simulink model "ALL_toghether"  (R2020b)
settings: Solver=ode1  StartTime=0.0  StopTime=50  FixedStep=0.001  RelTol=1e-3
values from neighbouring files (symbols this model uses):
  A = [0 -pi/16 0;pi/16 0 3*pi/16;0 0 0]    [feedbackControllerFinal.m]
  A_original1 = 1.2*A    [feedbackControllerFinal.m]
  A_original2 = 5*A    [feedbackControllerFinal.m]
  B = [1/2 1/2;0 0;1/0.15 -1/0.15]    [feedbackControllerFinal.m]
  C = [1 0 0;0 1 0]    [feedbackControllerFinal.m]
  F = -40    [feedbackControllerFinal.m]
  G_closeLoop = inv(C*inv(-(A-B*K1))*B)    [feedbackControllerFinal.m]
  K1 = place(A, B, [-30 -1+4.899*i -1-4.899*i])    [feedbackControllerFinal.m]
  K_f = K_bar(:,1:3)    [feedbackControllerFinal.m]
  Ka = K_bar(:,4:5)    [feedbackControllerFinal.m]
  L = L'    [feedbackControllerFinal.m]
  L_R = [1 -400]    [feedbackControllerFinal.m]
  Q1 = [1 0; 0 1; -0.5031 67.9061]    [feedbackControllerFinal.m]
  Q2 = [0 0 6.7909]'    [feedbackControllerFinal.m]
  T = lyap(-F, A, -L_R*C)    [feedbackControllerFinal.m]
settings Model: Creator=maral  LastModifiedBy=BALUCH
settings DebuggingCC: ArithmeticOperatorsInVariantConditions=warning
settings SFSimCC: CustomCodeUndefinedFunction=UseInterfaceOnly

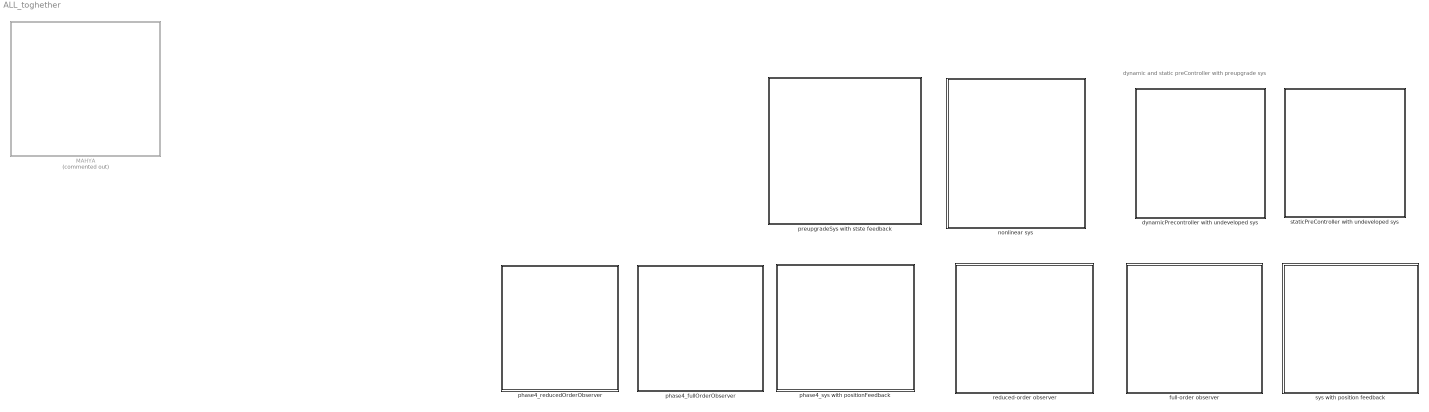
== system ALL_toghether ==
  note: dynamic and static preController with preupgrade sys
  "MAHYA " : Subsystem  Commented=on
  "dynamicPrecontroller with undeveloped sys " : Subsystem
  "full-order observer " : Subsystem
  "nonlinear sys " : Subsystem
  "phase4_fullOrderObserver " : Subsystem
  "phase4_reducedOrderObserver " : Subsystem
  "phase4_sys with positionFeedback " : Subsystem
  "preupgradeSys with stste feedback " : Subsystem
  reduced-order observer : Subsystem
  staticPreController with undeveloped sys : Subsystem
  sys with position feedback : Subsystem

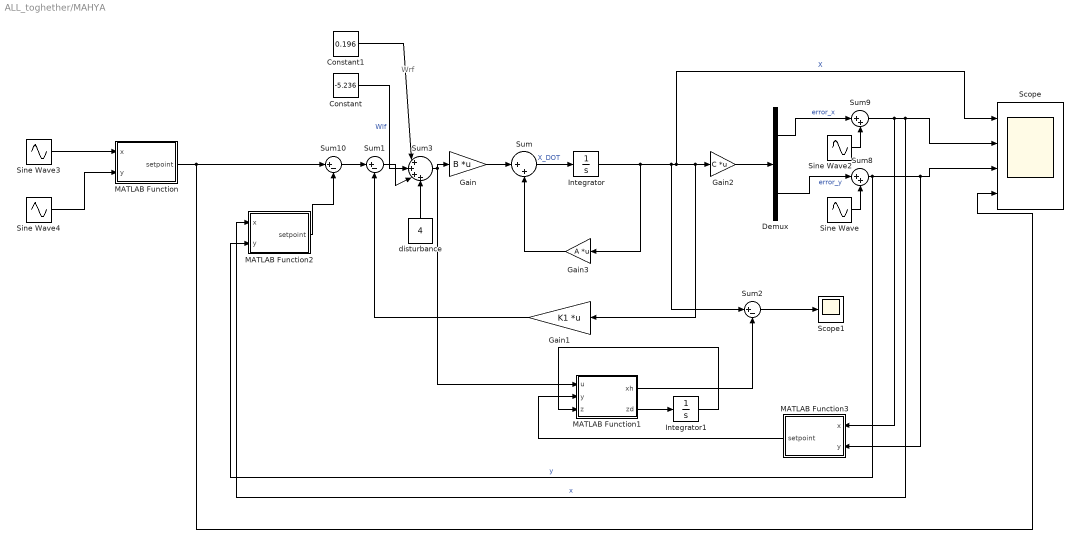
== system ALL_toghether/MAHYA  ==
  note: Wrf
  Constant : Constant  Value=-5.236
  Constant1 : Constant  Value=0.196
  Demux : Demux  Outputs=2
  Gain : Gain  Gain=B  Multiplication=Matrix(K*u)
  Gain1 : Gain  Gain=K1  Multiplication=Matrix(K*u)
  Gain2 : Gain  Gain=C  Multiplication=Matrix(K*u)
  Gain3 : Gain  Gain=A  Multiplication=Matrix(K*u)
  Integrator : Integrator
  Integrator1 : Integrator  InitialCondition=[0 0 0]
  MATLAB Function : MATLAB Function  TreatAsAtomicUnit=on
  MATLAB Function1 : MATLAB Function  TreatAsAtomicUnit=on
  MATLAB Function2 : MATLAB Function  TreatAsAtomicUnit=on
  MATLAB Function3 : MATLAB Function  TreatAsAtomicUnit=on
  Scope : Scope  NumInputPorts=4
  Scope1 : Scope
  Sine Wave : Sin  Amplitude=-3  Frequency=1/32  SampleTime=0
  Sine Wave2 : Sin  Amplitude=3  Frequency=1/32  Phase=pi/2  SampleTime=0
  Sine Wave3 : Sin  Amplitude=3  Frequency=1/30  Phase=pi/2  SampleTime=0
  Sine Wave4 : Sin  Amplitude=-3  Frequency=1/32  SampleTime=0
  Sum : Sum  Inputs=|++
  Sum1 : Sum  Inputs=|+-
  Sum10 : Sum  Inputs=|+-
  Sum2 : Sum  Inputs=|+-
  Sum3 : Sum  Inputs=|++++
  Sum8 : Sum  Inputs=|++
  Sum9 : Sum  Inputs=|++
  "disturbance " : Constant  Value=4
  wires:
  Demux/1 -> Sum9/1  "error_x"
  Sum9/1 -> MATLAB Function3/1(x), MATLAB Function2/1(x), Scope/2  "x"
  Gain3/1 -> Sum/2
  Sum8/1 -> MATLAB Function2/2(y), MATLAB Function3/2(y), Scope/3  "y"
  Gain2/1 -> Demux/1
  Sum10/1 -> Sum1/1
  MATLAB Function/1(setpoint) -> Scope/4, Sum10/1
  Integrator/1 -> Gain3/1, Sum2/1, Scope/1, Gain1/1, Gain2/1  "X"
  Gain/1 -> Sum/1
  Gain1/1 -> Sum1/2
  "disturbance "/1 -> Sum3/4
  Sum3/1 -> Gain/1, MATLAB Function1/1(u)
  Sine Wave/1 -> Sum8/2
  Sum/1 -> Integrator/1  "X_DOT"
  Sum1/1 -> Sum3/3
  Constant/1 -> Sum3/2  "Wlf"
  Sine Wave4/1 -> MATLAB Function/2(y)
  Sine Wave3/1 -> MATLAB Function/1(x)
  Sine Wave2/1 -> Sum9/2
  Constant1/1 -> Sum3/1
  MATLAB Function2/1(setpoint) -> Sum10/2
  Demux/2 -> Sum8/1  "error_y"
  MATLAB Function1/2(zd) -> Integrator1/1
  Integrator1/1 -> MATLAB Function1/3(z)
  MATLAB Function3/1(setpoint) -> MATLAB Function1/2(y)
  MATLAB Function1/1(xh) -> Sum2/2
  Sum2/1 -> Scope1/1

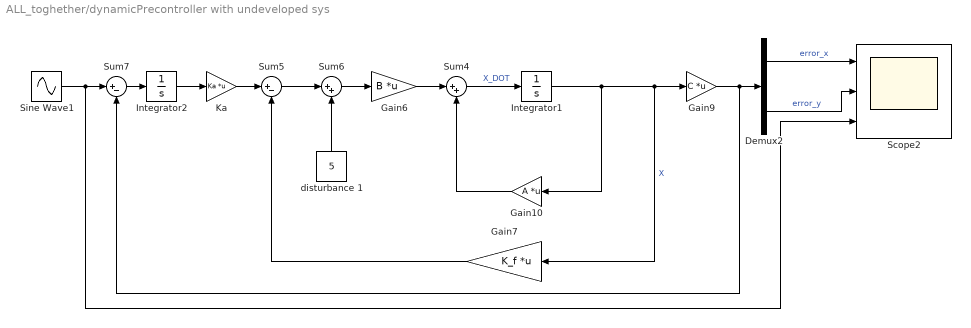
== system ALL_toghether/dynamicPrecontroller with undeveloped sys  ==
  Demux2 : Demux  Outputs=2
  Gain10 : Gain  Gain=A  Multiplication=Matrix(K*u)
  Gain6 : Gain  Gain=B  Multiplication=Matrix(K*u)
  Gain7 : Gain  Gain=K_f  Multiplication=Matrix(K*u)
  Gain9 : Gain  Gain=C  Multiplication=Matrix(K*u)
  Integrator1 : Integrator
  Integrator2 : Integrator
  "Ka " : Gain  Gain=Ka  Multiplication=Matrix(K*u)
  Scope2 : Scope  NumInputPorts=3
  Sine Wave1 : Sin  Amplitude=[1 1]  Bias=[0 0]  Frequency=[1 1]  SampleTime=0
  Sum4 : Sum  Inputs=|++
  Sum5 : Sum  Inputs=|+-
  Sum6 : Sum  Inputs=|++
  Sum7 : Sum  Inputs=|+-
  disturbance 1 : Constant  Value=5
  wires:
  Sum5/1 -> Sum6/1
  Integrator2/1 -> "Ka "/1
  Sum7/1 -> Integrator2/1
  disturbance 1/1 -> Sum6/2
  Integrator1/1 -> Gain10/1, Gain7/1, Gain9/1  "X"
  Gain7/1 -> Sum5/2
  Gain6/1 -> Sum4/1
  Gain10/1 -> Sum4/2
  Sine Wave1/1 -> Scope2/3, Sum7/1
  Demux2/2 -> Scope2/2  "error_y"
  "Ka "/1 -> Sum5/1
  Sum6/1 -> Gain6/1
  Demux2/1 -> Scope2/1  "error_x"
  Gain9/1 -> Sum7/2, Demux2/1
  Sum4/1 -> Integrator1/1  "X_DOT"

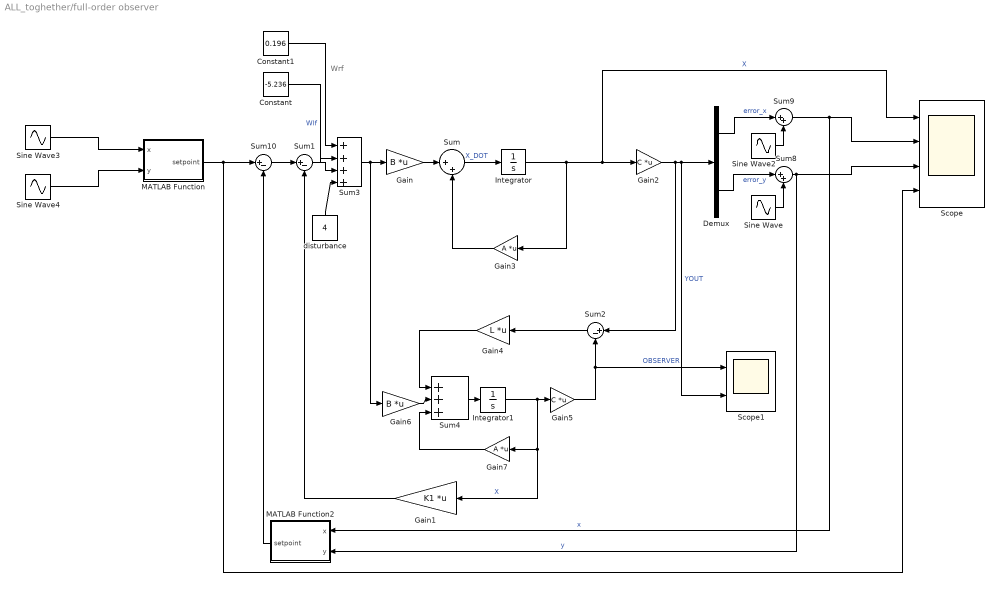
== system ALL_toghether/full-order observer  ==
  note: Wrf
  Constant : Constant  Value=-5.236
  Constant1 : Constant  Value=0.196
  Demux : Demux  Outputs=2
  Gain : Gain  Gain=B  Multiplication=Matrix(K*u)
  Gain1 : Gain  Gain=K1  Multiplication=Matrix(K*u)
  Gain2 : Gain  Gain=C  Multiplication=Matrix(K*u)
  Gain3 : Gain  Gain=A  Multiplication=Matrix(K*u)
  Gain4 : Gain  Gain=L  Multiplication=Matrix(K*u)
  Gain5 : Gain  Gain=C  Multiplication=Matrix(K*u)
  Gain6 : Gain  Gain=B  Multiplication=Matrix(K*u)
  Gain7 : Gain  Gain=A  Multiplication=Matrix(K*u)
  Integrator : Integrator  InitialCondition=[0.1 0.1 0]'
  Integrator1 : Integrator  InitialCondition=[0.4 0.4 0.5]'
  MATLAB Function : MATLAB Function  TreatAsAtomicUnit=on
  MATLAB Function2 : MATLAB Function  TreatAsAtomicUnit=on
  Scope : Scope  NumInputPorts=4
  Scope1 : Scope  NumInputPorts=2
  Sine Wave : Sin  Amplitude=-3  Frequency=pi/16  SampleTime=0
  Sine Wave2 : Sin  Amplitude=3  Frequency=pi/16  Phase=pi/2  SampleTime=0
  Sine Wave3 : Sin  Amplitude=3  Frequency=pi/16  Phase=pi/2  SampleTime=0
  Sine Wave4 : Sin  Amplitude=-3  Frequency=pi/16  SampleTime=0
  Sum : Sum  Inputs=|++
  Sum1 : Sum  Inputs=|+-
  Sum10 : Sum  Inputs=|+-
  Sum2 : Sum  Inputs=|+-
  Sum3 : Sum  Inputs=|++++
  Sum4 : Sum  Inputs=|+++
  Sum8 : Sum  Inputs=|++
  Sum9 : Sum  Inputs=|++
  "disturbance " : Constant  Value=4
  wires:
  Sum8/1 -> MATLAB Function2/2(y), Scope/3  "y"
  Constant/1 -> Sum3/2  "Wlf"
  Sum10/1 -> Sum1/1
  Sine Wave/1 -> Sum8/2
  Integrator/1 -> Gain3/1, Scope/1, Gain2/1  "X"
  Gain1/1 -> Sum1/2
  Demux/1 -> Sum9/1  "error_x"
  "disturbance "/1 -> Sum3/4
  Sum9/1 -> MATLAB Function2/1(x), Scope/2  "x"
  MATLAB Function/1(setpoint) -> Scope/4, Sum10/1
  Constant1/1 -> Sum3/1
  Sine Wave2/1 -> Sum9/2
  Sum3/1 -> Gain6/1, Gain/1
  Gain3/1 -> Sum/2
  Gain2/1 -> Sum2/1, Scope1/2, Demux/1  "YOUT"
  Sum1/1 -> Sum3/3
  Sine Wave3/1 -> MATLAB Function/1(x)
  Gain/1 -> Sum/1
  MATLAB Function2/1(setpoint) -> Sum10/2
  Demux/2 -> Sum8/1  "error_y"
  Sine Wave4/1 -> MATLAB Function/2(y)
  Sum/1 -> Integrator/1  "X_DOT"
  Gain5/1 -> Sum2/2, Scope1/1  "OBSERVER"
  Integrator1/1 -> Gain7/1, Gain1/1, Gain5/1  "X"
  Sum4/1 -> Integrator1/1
  Gain6/1 -> Sum4/2
  Gain4/1 -> Sum4/1
  Gain7/1 -> Sum4/3
  Sum2/1 -> Gain4/1

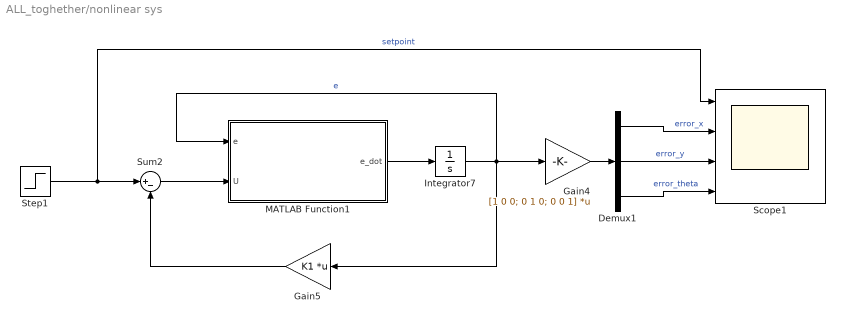
== system ALL_toghether/nonlinear sys  ==
  Demux1 : Demux  Outputs=3
  Gain4 : Gain  Gain=[1 0 0; 0 1 0; 0 0 1]  Multiplication=Matrix(K*u)
  Gain5 : Gain  Gain=K1  Multiplication=Matrix(K*u)
  Integrator7 : Integrator  InitialCondition=[0.45; -0.3; -0.3]
  MATLAB Function1 : MATLAB Function  TreatAsAtomicUnit=on
  Scope1 : Scope  NumInputPorts=4
  Step1 : Step  Time=[0;0]  Before=[0;0]  After=[0.1;0.2]  SampleTime=0
  Sum2 : Sum  Inputs=|+-
  wires:
  Sum2/1 -> MATLAB Function1/2(U)
  Gain5/1 -> Sum2/2
  Integrator7/1 -> MATLAB Function1/1(e), Gain4/1, Gain5/1  "e"
  MATLAB Function1/1(e_dot) -> Integrator7/1
  Gain4/1 -> Demux1/1
  Demux1/1 -> Scope1/2  "error_x"
  Step1/1 -> Sum2/1, Scope1/1  "setpoint"
  Demux1/2 -> Scope1/3  "error_y"
  Demux1/3 -> Scope1/4  "error_theta"

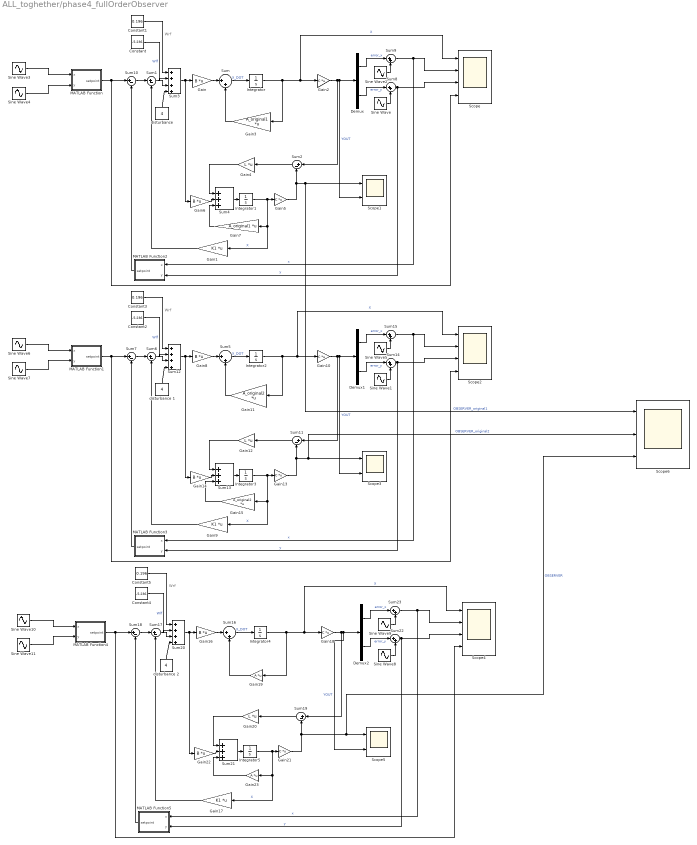
== system ALL_toghether/phase4_fullOrderObserver  ==
  note: Wrf
  note: Wrf
  note: Wrf
  Constant : Constant  Value=-5.236
  Constant1 : Constant  Value=0.196
  Constant2 : Constant  Value=-5.236
  Constant3 : Constant  Value=0.196
  Constant4 : Constant  Value=-5.236
  Constant5 : Constant  Value=0.196
  Demux : Demux  Outputs=2
  Demux1 : Demux  Outputs=2
  Demux2 : Demux  Outputs=2
  Gain{,6,8,14,16,22} (6 alike) : Gain  Gain=B  Multiplication=Matrix(K*u)
  Gain1 : Gain  Gain=K1  Multiplication=Matrix(K*u)
  Gain{2,5,10,13,18,21} (6 alike) : Gain  Gain=C  Multiplication=Matrix(K*u)
  Gain11 : Gain  Gain=A_original2  Multiplication=Matrix(K*u)
  Gain12 : Gain  Gain=L  Multiplication=Matrix(K*u)
  Gain15 : Gain  Gain=A_original2  Multiplication=Matrix(K*u)
  Gain17 : Gain  Gain=K1  Multiplication=Matrix(K*u)
  Gain19 : Gain  Gain=A  Multiplication=Matrix(K*u)
  Gain20 : Gain  Gain=L  Multiplication=Matrix(K*u)
  Gain23 : Gain  Gain=A  Multiplication=Matrix(K*u)
  Gain3 : Gain  Gain=A_original1  Multiplication=Matrix(K*u)
  Gain4 : Gain  Gain=L  Multiplication=Matrix(K*u)
  Gain7 : Gain  Gain=A_original1  Multiplication=Matrix(K*u)
  Gain9 : Gain  Gain=K1  Multiplication=Matrix(K*u)
  Integrator : Integrator  InitialCondition=[0.1 0.1 0]'
  Integrator1 : Integrator  InitialCondition=[0.4 0.4 0.5]'
  Integrator2 : Integrator  InitialCondition=[0.1 0.1 0]'
  Integrator3 : Integrator  InitialCondition=[0.4 0.4 0.5]'
  Integrator4 : Integrator  InitialCondition=[0.1 0.1 0]'
  Integrator5 : Integrator  InitialCondition=[0.4 0.4 0.5]'
  MATLAB Function : MATLAB Function  TreatAsAtomicUnit=on
  MATLAB Function1 : MATLAB Function  TreatAsAtomicUnit=on
  MATLAB Function2 : MATLAB Function  TreatAsAtomicUnit=on
  MATLAB Function3 : MATLAB Function  TreatAsAtomicUnit=on
  MATLAB Function4 : MATLAB Function  TreatAsAtomicUnit=on
  MATLAB Function5 : MATLAB Function  TreatAsAtomicUnit=on
  Scope : Scope  NumInputPorts=4
  Scope1 : Scope  NumInputPorts=2
  Scope2 : Scope  NumInputPorts=4
  Scope3 : Scope  NumInputPorts=2
  Scope4 : Scope  NumInputPorts=4
  Scope5 : Scope  NumInputPorts=2
  Scope6 : Scope  NumInputPorts=3
  Sine Wave{,1,4,7..8,11} (6 alike) : Sin  Amplitude=-3  Frequency=pi/16  SampleTime=0
  Sine Wave{2..3,5..6,9..10} (6 alike) : Sin  Amplitude=3  Frequency=pi/16  Phase=pi/2  SampleTime=0
  Sum{,5,8..9,14..16,22..23} (9 alike) : Sum  Inputs=|++
  Sum{1..2,6..7,10..11,17..19} (9 alike) : Sum  Inputs=|+-
  Sum12 : Sum  Inputs=|++++
  Sum13 : Sum  Inputs=|+++
  Sum20 : Sum  Inputs=|++++
  Sum21 : Sum  Inputs=|+++
  Sum3 : Sum  Inputs=|++++
  Sum4 : Sum  Inputs=|+++
  "disturbance " : Constant  Value=4
  disturbance 1 : Constant  Value=4
  disturbance 2 : Constant  Value=4
  wires:
  MATLAB Function2/1(setpoint) -> Sum10/2
  Gain7/1 -> Sum4/3
  Gain4/1 -> Sum4/1
  Sine Wave2/1 -> Sum9/2
  Gain2/1 -> Sum2/1, Scope1/2, Demux/1  "YOUT"
  Sum8/1 -> MATLAB Function2/2(y), Scope/3  "y"
  Gain5/1 -> Sum2/2, Scope6/1, Scope1/1  "OBSERVER_original1"
  "disturbance "/1 -> Sum3/4
  Sum9/1 -> MATLAB Function2/1(x), Scope/2  "x"
  Gain/1 -> Sum/1
  Gain6/1 -> Sum4/2
  Sine Wave4/1 -> MATLAB Function/2(y)
  Sum2/1 -> Gain4/1
  Sum3/1 -> Gain6/1, Gain/1
  Sum/1 -> Integrator/1  "X_DOT"
  Sum10/1 -> Sum1/1
  Gain3/1 -> Sum/2
  Constant/1 -> Sum3/2  "Wlf"
  Sum4/1 -> Integrator1/1
  Sine Wave3/1 -> MATLAB Function/1(x)
  MATLAB Function/1(setpoint) -> Scope/4, Sum10/1
  Demux/1 -> Sum9/1  "error_x"
  Integrator1/1 -> Gain7/1, Gain1/1, Gain5/1  "X"
  Sum1/1 -> Sum3/3
  Integrator/1 -> Gain3/1, Scope/1, Gain2/1  "X"
  Demux/2 -> Sum8/1  "error_y"
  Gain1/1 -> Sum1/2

* * * *

● What this task involves
The job here is to find each line above with the word "SampleTime" and copy it.

● Output
  Sine Wave : Sin  Amplitude=-3  Frequency=1/32  SampleTime=0
  Sine Wave2 : Sin  Amplitude=3  Frequency=1/32  Phase=pi/2  SampleTime=0
  Sine Wave3 : Sin  Amplitude=3  Frequency=1/30  Phase=pi/2  SampleTime=0
  Sine Wave4 : Sin  Amplitude=-3  Frequency=1/32  SampleTime=0
  Sine Wave1 : Sin  Amplitude=[1 1]  Bias=[0 0]  Frequency=[1 1]  SampleTime=0
  Sine Wave : Sin  Amplitude=-3  Frequency=pi/16  SampleTime=0
  Sine Wave2 : Sin  Amplitude=3  Frequency=pi/16  Phase=pi/2  SampleTime=0
  Sine Wave3 : Sin  Amplitude=3  Frequency=pi/16  Phase=pi/2  SampleTime=0
  Sine Wave4 : Sin  Amplitude=-3  Frequency=pi/16  SampleTime=0
  Step1 : Step  Time=[0;0]  Before=[0;0]  After=[0.1;0.2]  SampleTime=0
  Sine Wave{,1,4,7..8,11} (6 alike) : Sin  Amplitude=-3  Frequency=pi/16  SampleTime=0
  Sine Wave{2..3,5..6,9..10} (6 alike) : Sin  Amplitude=3  Frequency=pi/16  Phase=pi/2  SampleTime=0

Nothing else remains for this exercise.